Sample size have been calculated to allow for failures of patient attendance on days 30 and
90 (15% for each time point) and possibility of patients illness/death during the course of
the study (5%).
ADVERSE EVENTS As this is not an interventional study, no adverse event is anticipated to
develop because of it. Adverse events of venepuncture will be dealt with according to
standard practice.
DATA PROTECTION The study form will only collect the minimum required information for the
purposes of the study. Study forms will be held securely, in a locked room, or locked
cupboard or cabinet. Access to the information will be limited to the study staff and
investigators and relevant regulatory authorities. Computer held data including the study
database will be held securely and password protected. All data will be stored on a secure
dedicated web server. Access will be restricted by user identifiers and passwords (encrypted
using a one way encryption method). Information about the study in the participant's medical
records / hospital notes will be treated confidentially in the same way as all other
confidential medical information. Electronic data will be backed up every 24 hours to both
local and remote media in encrypted format.

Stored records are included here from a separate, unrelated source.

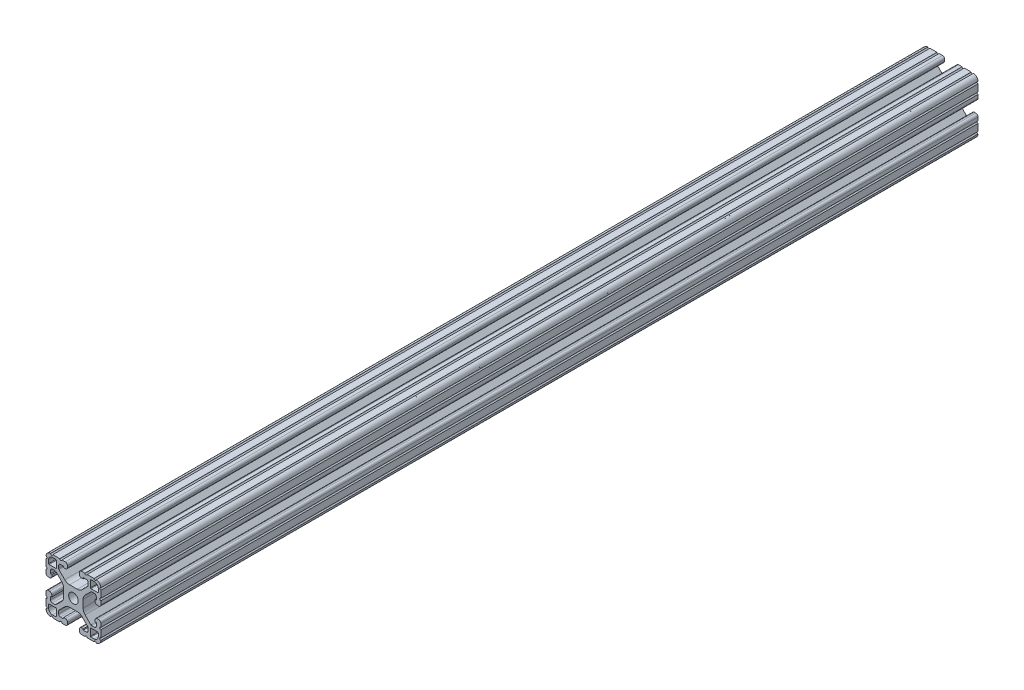
from build123d import *

# Parameters (mm, degrees)
SKETCH1_R      = 3.3274
EXTRUDE1_DEPTH = 609.6


with BuildPart() as part:
    # Sketch1 → Extrude1 (new body)
    with BuildSketch(Plane.XY):
        with BuildLine():
            Line((10.02670034, -12.151875049), (6.021451835, -8.147301292))
            ThreePointArc((6.021451835, -8.147301292), (4.48060392, -7.11788044), (2.663118988, -6.7564))
            Line((2.663118988, -6.7564), (-2.663118988, -6.7564))
            ThreePointArc((-2.663118988, -6.7564), (-4.48060392, -7.11788044), (-6.021451835, -8.147301292))
            Line((-6.021451835, -8.147301292), (-10.02670034, -12.151875049))
            ThreePointArc((-10.02670034, -12.151875049), (-10.219349756, -12.440155844), (-10.287, -12.78021916))
            Line((-10.287, -12.78021916), (-10.287, -14.55471092))
            ThreePointArc((-10.287, -14.55471092), (-9.915025612, -15.452736532), (-9.017, -15.82471092))
            Line((-9.017, -15.82471092), (-6.814144259, -15.82471092))
            Line((-6.814144259, -15.82471092), (-6.814144259, -14.986))
            Line((-6.814144259, -14.986), (-5.6388, -14.986))
            ThreePointArc((-5.6388, -14.986), (-4.525248241, -15.447248241), (-4.064, -16.5608))
            Line((-4.064, -16.5608), (-4.064, -17.4752))
            ThreePointArc((-4.064, -17.4752), (-4.525248241, -18.588751759), (-5.6388, -19.05))
            Line((-5.6388, -19.05), (-7.9756, -19.05))
            ThreePointArc((-7.9756, -19.05), (-8.7376, -18.288), (-9.4996, -19.05))
            Line((-9.4996, -19.05), (-14.3256, -19.05))
            ThreePointArc((-14.3256, -19.05), (-15.0876, -18.288), (-15.8496, -19.05))
            Line((-15.8496, -19.05), (-15.875, -19.05))
            ThreePointArc((-15.875, -19.05), (-18.12006403, -18.12006403), (-19.05, -15.875))
            Line((-19.05, -15.875), (-19.05, -15.8496))
            ThreePointArc((-19.05, -15.8496), (-18.288, -15.0876), (-19.05, -14.3256))
            Line((-19.05, -14.3256), (-19.05, -9.4996))
            ThreePointArc((-19.05, -9.4996), (-18.288, -8.7376), (-19.05, -7.9756))
            Line((-19.05, -7.9756), (-19.05, -5.6388))
            ThreePointArc((-19.05, -5.6388), (-18.588751759, -4.525248241), (-17.4752, -4.064))
            Line((-17.4752, -4.064), (-16.5608, -4.064))
            ThreePointArc((-16.5608, -4.064), (-15.447248241, -4.525248241), (-14.986, -5.6388))
            Line((-14.986, -5.6388), (-14.986, -6.750644259))
            Line((-14.986, -6.750644259), (-15.879033733, -6.750644259))
            Line((-15.879033733, -6.750644259), (-15.879033733, -8.919211783))
            ThreePointArc((-15.879033733, -8.919211783), (-15.507059345, -9.817237395), (-14.609033733, -10.189211783))
            Line((-14.609033733, -10.189211783), (-12.742784468, -10.189211783))
            ThreePointArc((-12.742784468, -10.189211783), (-12.402613491, -10.121555016), (-12.114219497, -9.928882664))
            Line((-12.114219497, -9.928882664), (-8.147867153, -5.963198517))
            ThreePointArc((-8.147867153, -5.963198517), (-7.118033561, -4.422154408), (-6.7564, -2.604299809))
            Line((-6.7564, -2.604299809), (-6.7564, 2.604299809))
            ThreePointArc((-6.7564, 2.604299809), (-7.118033561, 4.422154408), (-8.147867153, 5.963198517))
            Line((-8.147867153, 5.963198517), (-12.114219497, 9.928882664))
            ThreePointArc((-12.114219497, 9.928882664), (-12.402613491, 10.121555016), (-12.742784468, 10.189211783))
            Line((-12.742784468, 10.189211783), (-14.609033733, 10.189211783))
            ThreePointArc((-14.609033733, 10.189211783), (-15.507059345, 9.817237395), (-15.879033733, 8.919211783))
            Line((-15.879033733, 8.919211783), (-15.879033733, 6.750644259))
            Line((-15.879033733, 6.750644259), (-14.986, 6.750644259))
            Line((-14.986, 6.750644259), (-14.986, 5.6388))
            ThreePointArc((-14.986, 5.6388), (-15.447248241, 4.525248241), (-16.5608, 4.064))
            Line((-16.5608, 4.064), (-17.4752, 4.064))
            ThreePointArc((-17.4752, 4.064), (-18.588751759, 4.525248241), (-19.05, 5.6388))
            Line((-19.05, 5.6388), (-19.05, 7.9756))
            ThreePointArc((-19.05, 7.9756), (-18.288, 8.7376), (-19.05, 9.4996))
            Line((-19.05, 9.4996), (-19.05, 14.3256))
            ThreePointArc((-19.05, 14.3256), (-18.288, 15.0876), (-19.05, 15.8496))
            Line((-19.05, 15.8496), (-19.05, 15.875))
            ThreePointArc((-19.05, 15.875), (-18.12006403, 18.12006403), (-15.875, 19.05))
            Line((-15.875, 19.05), (-15.8496, 19.05))
            ThreePointArc((-15.8496, 19.05), (-15.0876, 18.288), (-14.3256, 19.05))
            Line((-14.3256, 19.05), (-9.4996, 19.05))
            ThreePointArc((-9.4996, 19.05), (-8.7376, 18.288), (-7.9756, 19.05))
            Line((-7.9756, 19.05), (-5.6388, 19.05))
            ThreePointArc((-5.6388, 19.05), (-4.525248241, 18.588751759), (-4.064, 17.4752))
            Line((-4.064, 17.4752), (-4.064, 16.5608))
            ThreePointArc((-4.064, 16.5608), (-4.525248241, 15.447248241), (-5.6388, 14.986))
            Line((-5.6388, 14.986), (-6.814144259, 14.986))
            Line((-6.814144259, 14.986), (-6.814144259, 15.82471092))
            Line((-6.814144259, 15.82471092), (-9.017, 15.82471092))
            ThreePointArc((-9.017, 15.82471092), (-9.915025612, 15.452736532), (-10.287, 14.55471092))
            Line((-10.287, 14.55471092), (-10.287, 12.78021916))
            ThreePointArc((-10.287, 12.78021916), (-10.219349756, 12.440155844), (-10.02670034, 12.151875049))
            Line((-10.02670034, 12.151875049), (-6.021451835, 8.147301292))
            ThreePointArc((-6.021451835, 8.147301292), (-4.48060392, 7.11788044), (-2.663118988, 6.7564))
            Line((-2.663118988, 6.7564), (2.663118988, 6.7564))
            ThreePointArc((2.663118988, 6.7564), (4.48060392, 7.11788044), (6.021451835, 8.147301292))
            Line((6.021451835, 8.147301292), (10.02670034, 12.151875049))
            ThreePointArc((10.02670034, 12.151875049), (10.219349756, 12.440155844), (10.287, 12.78021916))
            Line((10.287, 12.78021916), (10.287, 14.55471092))
            ThreePointArc((10.287, 14.55471092), (9.915025612, 15.452736532), (9.017, 15.82471092))
            Line((9.017, 15.82471092), (6.814144259, 15.82471092))
            Line((6.814144259, 15.82471092), (6.814144259, 14.986))
            Line((6.814144259, 14.986), (5.6388, 14.986))
            ThreePointArc((5.6388, 14.986), (4.525248241, 15.447248241), (4.064, 16.5608))
            Line((4.064, 16.5608), (4.064, 17.4752))
            ThreePointArc((4.064, 17.4752), (4.525248241, 18.588751759), (5.6388, 19.05))
            Line((5.6388, 19.05), (7.9756, 19.05))
            ThreePointArc((7.9756, 19.05), (8.7376, 18.288), (9.4996, 19.05))
            Line((9.4996, 19.05), (14.3256, 19.05))
            ThreePointArc((14.3256, 19.05), (15.0876, 18.288), (15.8496, 19.05))
            Line((15.8496, 19.05), (15.875, 19.05))
            ThreePointArc((15.875, 19.05), (18.12006403, 18.12006403), (19.05, 15.875))
            Line((19.05, 15.875), (19.05, 15.8496))
            ThreePointArc((19.05, 15.8496), (18.288, 15.0876), (19.05, 14.3256))
            Line((19.05, 14.3256), (19.05, 9.4996))
            ThreePointArc((19.05, 9.4996), (18.288, 8.7376), (19.05, 7.9756))
            Line((19.05, 7.9756), (19.05, 5.6388))
            ThreePointArc((19.05, 5.6388), (18.588751759, 4.525248241), (17.4752, 4.064))
            Line((17.4752, 4.064), (16.5608, 4.064))
            ThreePointArc((16.5608, 4.064), (15.447248241, 4.525248241), (14.986, 5.6388))
            Line((14.986, 5.6388), (14.986, 6.750644259))
            Line((14.986, 6.750644259), (15.879033733, 6.750644259))
            Line((15.879033733, 6.750644259), (15.879033733, 8.919211783))
            ThreePointArc((15.879033733, 8.919211783), (15.507059345, 9.817237395), (14.609033733, 10.189211783))
            Line((14.609033733, 10.189211783), (12.742784468, 10.189211783))
            ThreePointArc((12.742784468, 10.189211783), (12.402613491, 10.121555016), (12.114219497, 9.928882664))
            Line((12.114219497, 9.928882664), (8.147867153, 5.963198517))
            ThreePointArc((8.147867153, 5.963198517), (7.118033561, 4.422154408), (6.7564, 2.604299809))
            Line((6.7564, 2.604299809), (6.7564, -2.604299809))
            ThreePointArc((6.7564, -2.604299809), (7.118033561, -4.422154408), (8.147867153, -5.963198517))
            Line((8.147867153, -5.963198517), (12.114219497, -9.928882664))
            ThreePointArc((12.114219497, -9.928882664), (12.402613491, -10.121555016), (12.742784468, -10.189211783))
            Line((12.742784468, -10.189211783), (14.609033733, -10.189211783))
            ThreePointArc((14.609033733, -10.189211783), (15.507059345, -9.817237395), (15.879033733, -8.919211783))
            Line((15.879033733, -8.919211783), (15.879033733, -6.750644259))
            Line((15.879033733, -6.750644259), (14.986, -6.750644259))
            Line((14.986, -6.750644259), (14.986, -5.6388))
            ThreePointArc((14.986, -5.6388), (15.447248241, -4.525248241), (16.5608, -4.064))
            Line((16.5608, -4.064), (17.4752, -4.064))
            ThreePointArc((17.4752, -4.064), (18.588751759, -4.525248241), (19.05, -5.6388))
            Line((19.05, -5.6388), (19.05, -7.9756))
            ThreePointArc((19.05, -7.9756), (18.288, -8.7376), (19.05, -9.4996))
            Line((19.05, -9.4996), (19.05, -14.3256))
            ThreePointArc((19.05, -14.3256), (18.288, -15.0876), (19.05, -15.8496))
            Line((19.05, -15.8496), (19.05, -15.875))
            ThreePointArc((19.05, -15.875), (18.12006403, -18.12006403), (15.875, -19.05))
            Line((15.875, -19.05), (15.8496, -19.05))
            ThreePointArc((15.8496, -19.05), (15.0876, -18.288), (14.3256, -19.05))
            Line((14.3256, -19.05), (9.4996, -19.05))
            ThreePointArc((9.4996, -19.05), (8.7376, -18.288), (7.9756, -19.05))
            Line((7.9756, -19.05), (5.6388, -19.05))
            ThreePointArc((5.6388, -19.05), (4.525248241, -18.588751759), (4.064, -17.4752))
            Line((4.064, -17.4752), (4.064, -16.5608))
            ThreePointArc((4.064, -16.5608), (4.525248241, -15.447248241), (5.6388, -14.986))
            Line((5.6388, -14.986), (6.814144259, -14.986))
            Line((6.814144259, -14.986), (6.814144259, -15.82471092))
            Line((6.814144259, -15.82471092), (9.017, -15.82471092))
            ThreePointArc((9.017, -15.82471092), (9.915025612, -15.452736532), (10.287, -14.55471092))
            Line((10.287, -14.55471092), (10.287, -12.78021916))
            ThreePointArc((10.287, -12.78021916), (10.219349756, -12.440155844), (10.02670034, -12.151875049))
        make_face()
        Circle(SKETCH1_R, mode=Mode.SUBTRACT)
        with BuildLine():
            Line((16.891, -11.8618), (12.2428, -11.8618))
            ThreePointArc((12.2428, -11.8618), (11.973392316, -11.973392316), (11.8618, -12.2428))
            Line((11.8618, -12.2428), (11.8618, -16.891))
            ThreePointArc((11.8618, -16.891), (11.973392316, -17.160407684), (12.2428, -17.272))
            Line((12.2428, -17.272), (14.478, -17.272))
            ThreePointArc((14.478, -17.272), (16.453656347, -16.453656347), (17.272, -14.478))
            Line((17.272, -14.478), (17.272, -12.2428))
            ThreePointArc((17.272, -12.2428), (17.160407684, -11.973392316), (16.891, -11.8618))
        make_face(mode=Mode.SUBTRACT)
        with BuildLine():
            Line((17.272, 14.478), (17.272, 12.2428))
            ThreePointArc((17.272, 12.2428), (17.160407684, 11.973392316), (16.891, 11.8618))
            Line((16.891, 11.8618), (12.2428, 11.8618))
            ThreePointArc((12.2428, 11.8618), (11.973392316, 11.973392316), (11.8618, 12.2428))
            Line((11.8618, 12.2428), (11.8618, 16.891))
            ThreePointArc((11.8618, 16.891), (11.973392316, 17.160407684), (12.2428, 17.272))
            Line((12.2428, 17.272), (14.478, 17.272))
            ThreePointArc((14.478, 17.272), (16.453656347, 16.453656347), (17.272, 14.478))
        make_face(mode=Mode.SUBTRACT)
        with BuildLine():
            Line((-17.272, -14.478), (-17.272, -12.2428))
            ThreePointArc((-17.272, -12.2428), (-17.160407684, -11.973392316), (-16.891, -11.8618))
            Line((-16.891, -11.8618), (-12.2428, -11.8618))
            ThreePointArc((-12.2428, -11.8618), (-11.973392316, -11.973392316), (-11.8618, -12.2428))
            Line((-11.8618, -12.2428), (-11.8618, -16.891))
            ThreePointArc((-11.8618, -16.891), (-11.973392316, -17.160407684), (-12.2428, -17.272))
            Line((-12.2428, -17.272), (-14.478, -17.272))
            ThreePointArc((-14.478, -17.272), (-16.453656347, -16.453656347), (-17.272, -14.478))
        make_face(mode=Mode.SUBTRACT)
        with BuildLine():
            Line((-16.891, 11.8618), (-12.2428, 11.8618))
            ThreePointArc((-12.2428, 11.8618), (-11.973392316, 11.973392316), (-11.8618, 12.2428))
            Line((-11.8618, 12.2428), (-11.8618, 16.891))
            ThreePointArc((-11.8618, 16.891), (-11.973392316, 17.160407684), (-12.2428, 17.272))
            Line((-12.2428, 17.272), (-14.478, 17.272))
            ThreePointArc((-14.478, 17.272), (-16.453656347, 16.453656347), (-17.272, 14.478))
            Line((-17.272, 14.478), (-17.272, 12.2428))
            ThreePointArc((-17.272, 12.2428), (-17.160407684, 11.973392316), (-16.891, 11.8618))
        make_face(mode=Mode.SUBTRACT)
    extrude(amount=-EXTRUDE1_DEPTH)


solid = part.part

STUDY DATA Monitoring of study data shall include confirmation of informed consent; source
data verification; data storage and data transfer procedures; local quality control checks
and procedures, back-up and disaster recovery of any local databases and validation of data
manipulation. The Academic Supervisor, or where required, a nominated designee of the
Sponsor, shall carry out monitoring of study data as an ongoing activity.
Entries on study forms will be verified by inspection against the source data. A sample of
study forms (10% or as per the study risk assessment) will be checked on a regular basis for
verification of all entries made. In addition the subsequent capture of the data on the study
database will be checked. Where corrections are required these will carry a full audit trail
and justification. Study data and evidence of monitoring and systems audits will be made
available for inspection as/when required.